== Supplied records ==
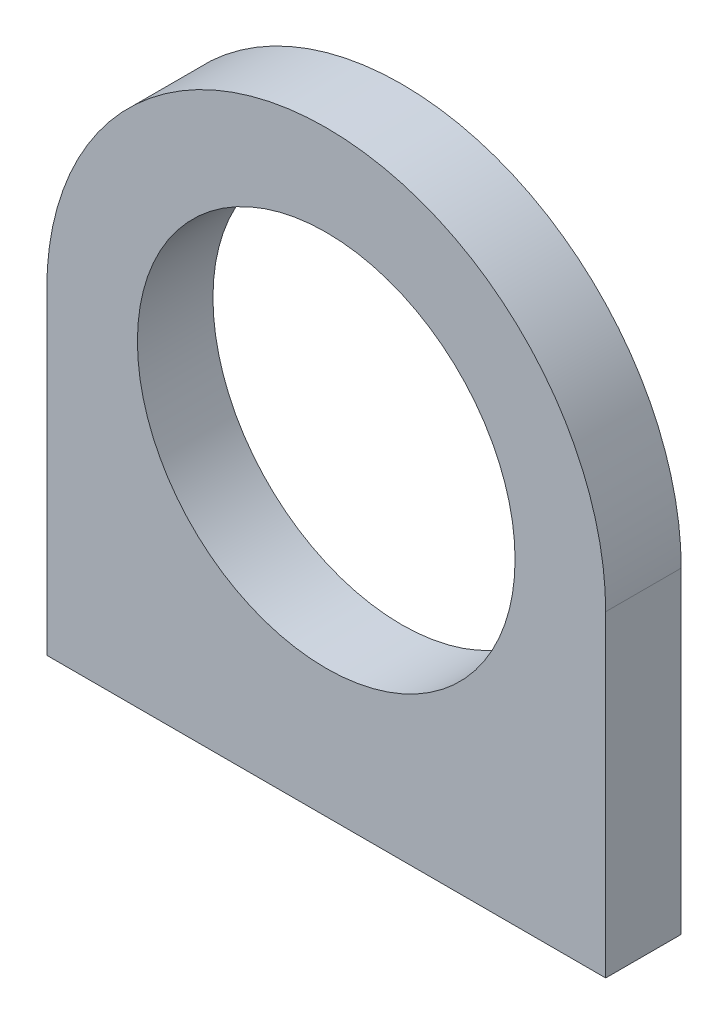
ISO-10303-21;
HEADER;
FILE_DESCRIPTION(('STEP AP214'),'2;1');
FILE_NAME('part.step','',(''),(''),'','','');
FILE_SCHEMA(('AUTOMOTIVE_DESIGN { 1 0 10303 214 1 1 1 1 }'));
ENDSEC;
DATA;
#1=APPLICATION_CONTEXT('core data for automotive mechanical design processes');
#2=APPLICATION_PROTOCOL_DEFINITION('international standard','automotive_design',2000,#1);
#3=PRODUCT_CONTEXT('',#1,'mechanical');
#4=PRODUCT('Part','Part','',(#3));
#5=PRODUCT_RELATED_PRODUCT_CATEGORY('part','',(#4));
#6=PRODUCT_DEFINITION_FORMATION('','',#4);
#7=PRODUCT_DEFINITION_CONTEXT('part definition',#1,'design');
#8=PRODUCT_DEFINITION('design','',#6,#7);
#9=PRODUCT_DEFINITION_SHAPE('','',#8);
#10=(LENGTH_UNIT() NAMED_UNIT(*) SI_UNIT(.MILLI.,.METRE.));
#11=(NAMED_UNIT(*) PLANE_ANGLE_UNIT() SI_UNIT($,.RADIAN.));
#12=(NAMED_UNIT(*) SI_UNIT($,.STERADIAN.) SOLID_ANGLE_UNIT());
#13=UNCERTAINTY_MEASURE_WITH_UNIT(LENGTH_MEASURE(1.E-05),#10,'distance_accuracy_value','');
#14=(GEOMETRIC_REPRESENTATION_CONTEXT(3) GLOBAL_UNCERTAINTY_ASSIGNED_CONTEXT((#13)) GLOBAL_UNIT_ASSIGNED_CONTEXT((#10,
#11,#12)) REPRESENTATION_CONTEXT('',''));
#15=CARTESIAN_POINT('',(0.,0.,0.));
#16=DIRECTION('',(0.,0.,1.));
#17=DIRECTION('',(1.,0.,0.));
#18=AXIS2_PLACEMENT_3D('',#15,#16,#17);
#19=CARTESIAN_POINT('',(18.5,0.,-2.5));
#20=DIRECTION('',(-1.,0.,0.));
#21=DIRECTION('',(0.,0.,1.));
#22=AXIS2_PLACEMENT_3D('',#19,#20,#21);
#23=PLANE('',#22);
#24=DIRECTION('',(0.,0.,1.));
#25=VECTOR('',#24,1.);
#26=CARTESIAN_POINT('',(18.5,0.,-2.5));
#27=LINE('',#26,#25);
#28=CARTESIAN_POINT('',(18.5,0.,-2.5));
#29=VERTEX_POINT('',#28);
#30=CARTESIAN_POINT('',(18.5,0.,2.5));
#31=VERTEX_POINT('',#30);
#32=EDGE_CURVE('E40',#29,#31,#27,.T.);
#33=ORIENTED_EDGE('',*,*,#32,.T.);
#34=DIRECTION('',(0.,-1.,0.));
#35=VECTOR('',#34,1.);
#36=CARTESIAN_POINT('',(18.5,0.,2.5));
#37=LINE('',#36,#35);
#38=CARTESIAN_POINT('',(18.5,-21.,2.5));
#39=VERTEX_POINT('',#38);
#40=EDGE_CURVE('E79',#31,#39,#37,.T.);
#41=ORIENTED_EDGE('',*,*,#40,.T.);
#42=DIRECTION('',(0.,0.,1.));
#43=VECTOR('',#42,1.);
#44=CARTESIAN_POINT('',(18.5,-21.,-2.5));
#45=LINE('',#44,#43);
#46=CARTESIAN_POINT('',(18.5,-21.,-2.5));
#47=VERTEX_POINT('',#46);
#48=EDGE_CURVE('E11',#47,#39,#45,.T.);
#49=ORIENTED_EDGE('',*,*,#48,.F.);
#50=DIRECTION('',(0.,-1.,0.));
#51=VECTOR('',#50,1.);
#52=CARTESIAN_POINT('',(18.5,0.,-2.5));
#53=LINE('',#52,#51);
#54=EDGE_CURVE('E81',#29,#47,#53,.T.);
#55=ORIENTED_EDGE('',*,*,#54,.F.);
#56=EDGE_LOOP('',(#33,#41,#49,#55));
#57=FACE_BOUND('',#56,.T.);
#58=ADVANCED_FACE('F37',(#57),#23,.F.);
#59=CARTESIAN_POINT('',(0.,-21.,-2.5));
#60=DIRECTION('',(0.,1.,0.));
#61=DIRECTION('',(0.,0.,1.));
#62=AXIS2_PLACEMENT_3D('',#59,#60,#61);
#63=PLANE('',#62);
#64=CARTESIAN_POINT('',(16.,-21.,0.));
#65=DIRECTION('',(0.,1.,0.));
#66=DIRECTION('',(0.,0.,-1.));
#67=AXIS2_PLACEMENT_3D('',#64,#65,#66);
#68=CIRCLE('',#67,1.5);
#69=CARTESIAN_POINT('',(16.,-21.,-1.5));
#70=VERTEX_POINT('',#69);
#71=EDGE_CURVE('E173',#70,#70,#68,.T.);
#72=ORIENTED_EDGE('',*,*,#71,.T.);
#73=EDGE_LOOP('',(#72));
#74=FACE_BOUND('',#73,.T.);
#75=CARTESIAN_POINT('',(-16.,-21.,0.));
#76=DIRECTION('',(0.,-1.,0.));
#77=DIRECTION('',(0.,0.,-1.));
#78=AXIS2_PLACEMENT_3D('',#75,#76,#77);
#79=CIRCLE('',#78,1.5);
#80=CARTESIAN_POINT('',(-16.,-21.,-1.5));
#81=VERTEX_POINT('',#80);
#82=EDGE_CURVE('E102',#81,#81,#79,.T.);
#83=ORIENTED_EDGE('',*,*,#82,.F.);
#84=EDGE_LOOP('',(#83));
#85=FACE_BOUND('',#84,.T.);
#86=ORIENTED_EDGE('',*,*,#48,.T.);
#87=DIRECTION('',(-1.,0.,0.));
#88=VECTOR('',#87,1.);
#89=CARTESIAN_POINT('',(0.,-21.,2.5));
#90=LINE('',#89,#88);
#91=CARTESIAN_POINT('',(-18.5,-21.,2.5));
#92=VERTEX_POINT('',#91);
#93=EDGE_CURVE('E98',#39,#92,#90,.T.);
#94=ORIENTED_EDGE('',*,*,#93,.T.);
#95=DIRECTION('',(0.,0.,1.));
#96=VECTOR('',#95,1.);
#97=CARTESIAN_POINT('',(-18.5,-21.,-2.5));
#98=LINE('',#97,#96);
#99=CARTESIAN_POINT('',(-18.5,-21.,-2.5));
#100=VERTEX_POINT('',#99);
#101=EDGE_CURVE('E45',#100,#92,#98,.T.);
#102=ORIENTED_EDGE('',*,*,#101,.F.);
#103=DIRECTION('',(-1.,0.,0.));
#104=VECTOR('',#103,1.);
#105=CARTESIAN_POINT('',(0.,-21.,-2.5));
#106=LINE('',#105,#104);
#107=EDGE_CURVE('E52',#47,#100,#106,.T.);
#108=ORIENTED_EDGE('',*,*,#107,.F.);
#109=EDGE_LOOP('',(#86,#94,#102,#108));
#110=FACE_BOUND('',#109,.T.);
#111=ADVANCED_FACE('F122',(#74,#85,#110),#63,.F.);
#112=CARTESIAN_POINT('',(-18.5,0.,-2.5));
#113=DIRECTION('',(-1.,0.,0.));
#114=DIRECTION('',(0.,0.,1.));
#115=AXIS2_PLACEMENT_3D('',#112,#113,#114);
#116=PLANE('',#115);
#117=ORIENTED_EDGE('',*,*,#101,.T.);
#118=DIRECTION('',(0.,-1.,0.));
#119=VECTOR('',#118,1.);
#120=CARTESIAN_POINT('',(-18.5,0.,2.5));
#121=LINE('',#120,#119);
#122=CARTESIAN_POINT('',(-18.5,0.,2.5));
#123=VERTEX_POINT('',#122);
#124=EDGE_CURVE('E93',#123,#92,#121,.T.);
#125=ORIENTED_EDGE('',*,*,#124,.F.);
#126=DIRECTION('',(0.,0.,1.));
#127=VECTOR('',#126,1.);
#128=CARTESIAN_POINT('',(-18.5,0.,-2.5));
#129=LINE('',#128,#127);
#130=CARTESIAN_POINT('',(-18.5,0.,-2.5));
#131=VERTEX_POINT('',#130);
#132=EDGE_CURVE('E85',#131,#123,#129,.T.);
#133=ORIENTED_EDGE('',*,*,#132,.F.);
#134=DIRECTION('',(0.,-1.,0.));
#135=VECTOR('',#134,1.);
#136=CARTESIAN_POINT('',(-18.5,0.,-2.5));
#137=LINE('',#136,#135);
#138=EDGE_CURVE('E114',#131,#100,#137,.T.);
#139=ORIENTED_EDGE('',*,*,#138,.T.);
#140=EDGE_LOOP('',(#117,#125,#133,#139));
#141=FACE_BOUND('',#140,.T.);
#142=ADVANCED_FACE('F121',(#141),#116,.T.);
#143=CARTESIAN_POINT('',(0.,0.,-2.5));
#144=DIRECTION('',(0.,0.,1.));
#145=DIRECTION('',(1.,0.,0.));
#146=AXIS2_PLACEMENT_3D('',#143,#144,#145);
#147=CYLINDRICAL_SURFACE('',#146,18.5);
#148=ORIENTED_EDGE('',*,*,#132,.T.);
#149=CARTESIAN_POINT('',(0.,0.,2.5));
#150=DIRECTION('',(0.,0.,1.));
#151=DIRECTION('',(1.,0.,0.));
#152=AXIS2_PLACEMENT_3D('',#149,#150,#151);
#153=CIRCLE('',#152,18.5);
#154=EDGE_CURVE('E88',#31,#123,#153,.T.);
#155=ORIENTED_EDGE('',*,*,#154,.F.);
#156=ORIENTED_EDGE('',*,*,#32,.F.);
#157=CARTESIAN_POINT('',(0.,0.,-2.5));
#158=DIRECTION('',(0.,0.,1.));
#159=DIRECTION('',(1.,0.,0.));
#160=AXIS2_PLACEMENT_3D('',#157,#158,#159);
#161=CIRCLE('',#160,18.5);
#162=EDGE_CURVE('E112',#29,#131,#161,.T.);
#163=ORIENTED_EDGE('',*,*,#162,.T.);
#164=EDGE_LOOP('',(#148,#155,#156,#163));
#165=FACE_BOUND('',#164,.T.);
#166=ADVANCED_FACE('F89',(#165),#147,.T.);
#167=CARTESIAN_POINT('',(0.,0.,-2.5));
#168=DIRECTION('',(0.,0.,1.));
#169=DIRECTION('',(1.,0.,0.));
#170=AXIS2_PLACEMENT_3D('',#167,#168,#169);
#171=CYLINDRICAL_SURFACE('',#170,12.5);
#172=CARTESIAN_POINT('',(0.,0.,-2.5));
#173=DIRECTION('',(0.,0.,1.));
#174=DIRECTION('',(1.,0.,0.));
#175=AXIS2_PLACEMENT_3D('',#172,#173,#174);
#176=CIRCLE('',#175,12.5);
#177=CARTESIAN_POINT('',(12.5,0.,-2.5));
#178=VERTEX_POINT('',#177);
#179=EDGE_CURVE('E86',#178,#178,#176,.T.);
#180=ORIENTED_EDGE('',*,*,#179,.F.);
#181=EDGE_LOOP('',(#180));
#182=FACE_BOUND('',#181,.T.);
#183=CARTESIAN_POINT('',(0.,0.,2.5));
#184=DIRECTION('',(0.,0.,1.));
#185=DIRECTION('',(1.,0.,0.));
#186=AXIS2_PLACEMENT_3D('',#183,#184,#185);
#187=CIRCLE('',#186,12.5);
#188=CARTESIAN_POINT('',(12.5,0.,2.5));
#189=VERTEX_POINT('',#188);
#190=EDGE_CURVE('E108',#189,#189,#187,.T.);
#191=ORIENTED_EDGE('',*,*,#190,.T.);
#192=EDGE_LOOP('',(#191));
#193=FACE_BOUND('',#192,.T.);
#194=ADVANCED_FACE('F134',(#182,#193),#171,.F.);
#195=CARTESIAN_POINT('',(0.,0.,-2.5));
#196=DIRECTION('',(0.,0.,1.));
#197=DIRECTION('',(1.,0.,0.));
#198=AXIS2_PLACEMENT_3D('',#195,#196,#197);
#199=PLANE('',#198);
#200=ORIENTED_EDGE('',*,*,#54,.T.);
#201=ORIENTED_EDGE('',*,*,#107,.T.);
#202=ORIENTED_EDGE('',*,*,#138,.F.);
#203=ORIENTED_EDGE('',*,*,#162,.F.);
#204=EDGE_LOOP('',(#200,#201,#202,#203));
#205=FACE_BOUND('',#204,.T.);
#206=ORIENTED_EDGE('',*,*,#179,.T.);
#207=EDGE_LOOP('',(#206));
#208=FACE_BOUND('',#207,.T.);
#209=ADVANCED_FACE('F140',(#205,#208),#199,.F.);
#210=CARTESIAN_POINT('',(0.,0.,2.5));
#211=DIRECTION('',(0.,0.,1.));
#212=DIRECTION('',(1.,0.,0.));
#213=AXIS2_PLACEMENT_3D('',#210,#211,#212);
#214=PLANE('',#213);
#215=ORIENTED_EDGE('',*,*,#40,.F.);
#216=ORIENTED_EDGE('',*,*,#154,.T.);
#217=ORIENTED_EDGE('',*,*,#124,.T.);
#218=ORIENTED_EDGE('',*,*,#93,.F.);
#219=EDGE_LOOP('',(#215,#216,#217,#218));
#220=FACE_BOUND('',#219,.T.);
#221=ORIENTED_EDGE('',*,*,#190,.F.);
#222=EDGE_LOOP('',(#221));
#223=FACE_BOUND('',#222,.T.);
#224=ADVANCED_FACE('F95',(#220,#223),#214,.T.);
#225=CARTESIAN_POINT('',(-16.,-11.,0.));
#226=DIRECTION('',(0.,-1.,0.));
#227=DIRECTION('',(0.,0.,-1.));
#228=AXIS2_PLACEMENT_3D('',#225,#226,#227);
#229=CYLINDRICAL_SURFACE('',#228,1.5);
#230=CARTESIAN_POINT('',(-16.,-11.,0.));
#231=DIRECTION('',(0.,-1.,0.));
#232=DIRECTION('',(0.,0.,-1.));
#233=AXIS2_PLACEMENT_3D('',#230,#231,#232);
#234=CIRCLE('',#233,1.5);
#235=CARTESIAN_POINT('',(-16.,-11.,-1.5));
#236=VERTEX_POINT('',#235);
#237=EDGE_CURVE('E99',#236,#236,#234,.T.);
#238=ORIENTED_EDGE('',*,*,#237,.F.);
#239=EDGE_LOOP('',(#238));
#240=FACE_BOUND('',#239,.T.);
#241=ORIENTED_EDGE('',*,*,#82,.T.);
#242=EDGE_LOOP('',(#241));
#243=FACE_BOUND('',#242,.T.);
#244=ADVANCED_FACE('F149',(#240,#243),#229,.F.);
#245=CARTESIAN_POINT('',(-16.,-11.,0.));
#246=DIRECTION('',(0.,-1.,0.));
#247=DIRECTION('',(0.,0.,-1.));
#248=AXIS2_PLACEMENT_3D('',#245,#246,#247);
#249=PLANE('',#248);
#250=ORIENTED_EDGE('',*,*,#237,.T.);
#251=EDGE_LOOP('',(#250));
#252=FACE_BOUND('',#251,.T.);
#253=ADVANCED_FACE('F154',(#252),#249,.T.);
#254=CARTESIAN_POINT('',(16.,-11.,0.));
#255=DIRECTION('',(0.,-1.,0.));
#256=DIRECTION('',(0.,0.,-1.));
#257=AXIS2_PLACEMENT_3D('',#254,#255,#256);
#258=CYLINDRICAL_SURFACE('',#257,1.5);
#259=CARTESIAN_POINT('',(16.,-11.,0.));
#260=DIRECTION('',(0.,1.,0.));
#261=DIRECTION('',(0.,0.,-1.));
#262=AXIS2_PLACEMENT_3D('',#259,#260,#261);
#263=CIRCLE('',#262,1.5);
#264=CARTESIAN_POINT('',(16.,-11.,-1.5));
#265=VERTEX_POINT('',#264);
#266=EDGE_CURVE('E172',#265,#265,#263,.T.);
#267=ORIENTED_EDGE('',*,*,#266,.T.);
#268=EDGE_LOOP('',(#267));
#269=FACE_BOUND('',#268,.T.);
#270=ORIENTED_EDGE('',*,*,#71,.F.);
#271=EDGE_LOOP('',(#270));
#272=FACE_BOUND('',#271,.T.);
#273=ADVANCED_FACE('F160',(#269,#272),#258,.F.);
#274=CARTESIAN_POINT('',(16.,-11.,0.));
#275=DIRECTION('',(0.,-1.,0.));
#276=DIRECTION('',(0.,0.,-1.));
#277=AXIS2_PLACEMENT_3D('',#274,#275,#276);
#278=PLANE('',#277);
#279=ORIENTED_EDGE('',*,*,#266,.F.);
#280=EDGE_LOOP('',(#279));
#281=FACE_BOUND('',#280,.T.);
#282=ADVANCED_FACE('F164',(#281),#278,.T.);
#283=CLOSED_SHELL('',(#58,#111,#142,#166,#194,#209,#224,#244,#253,#273,#282));
#284=MANIFOLD_SOLID_BREP('B2',#283);
#285=ADVANCED_BREP_SHAPE_REPRESENTATION('',(#18,#284),#14);
#286=SHAPE_DEFINITION_REPRESENTATION(#9,#285);
ENDSEC;
END-ISO-10303-21;
===
How to complete this task:
Leave the pictures out, and restate exactly the lines from the start of the records through the one that contains "#6=PRODUCT_DEFINITION_FORMATION('','',#4);".

Written answer:
ISO-10303-21;
HEADER;
FILE_DESCRIPTION(('STEP AP214'),'2;1');
FILE_NAME('part.step','',(''),(''),'','','');
FILE_SCHEMA(('AUTOMOTIVE_DESIGN { 1 0 10303 214 1 1 1 1 }'));
ENDSEC;
DATA;
#1=APPLICATION_CONTEXT('core data for automotive mechanical design processes');
#2=APPLICATION_PROTOCOL_DEFINITION('international standard','automotive_design',2000,#1);
#3=PRODUCT_CONTEXT('',#1,'mechanical');
#4=PRODUCT('Part','Part','',(#3));
#5=PRODUCT_RELATED_PRODUCT_CATEGORY('part','',(#4));
#6=PRODUCT_DEFINITION_FORMATION('','',#4);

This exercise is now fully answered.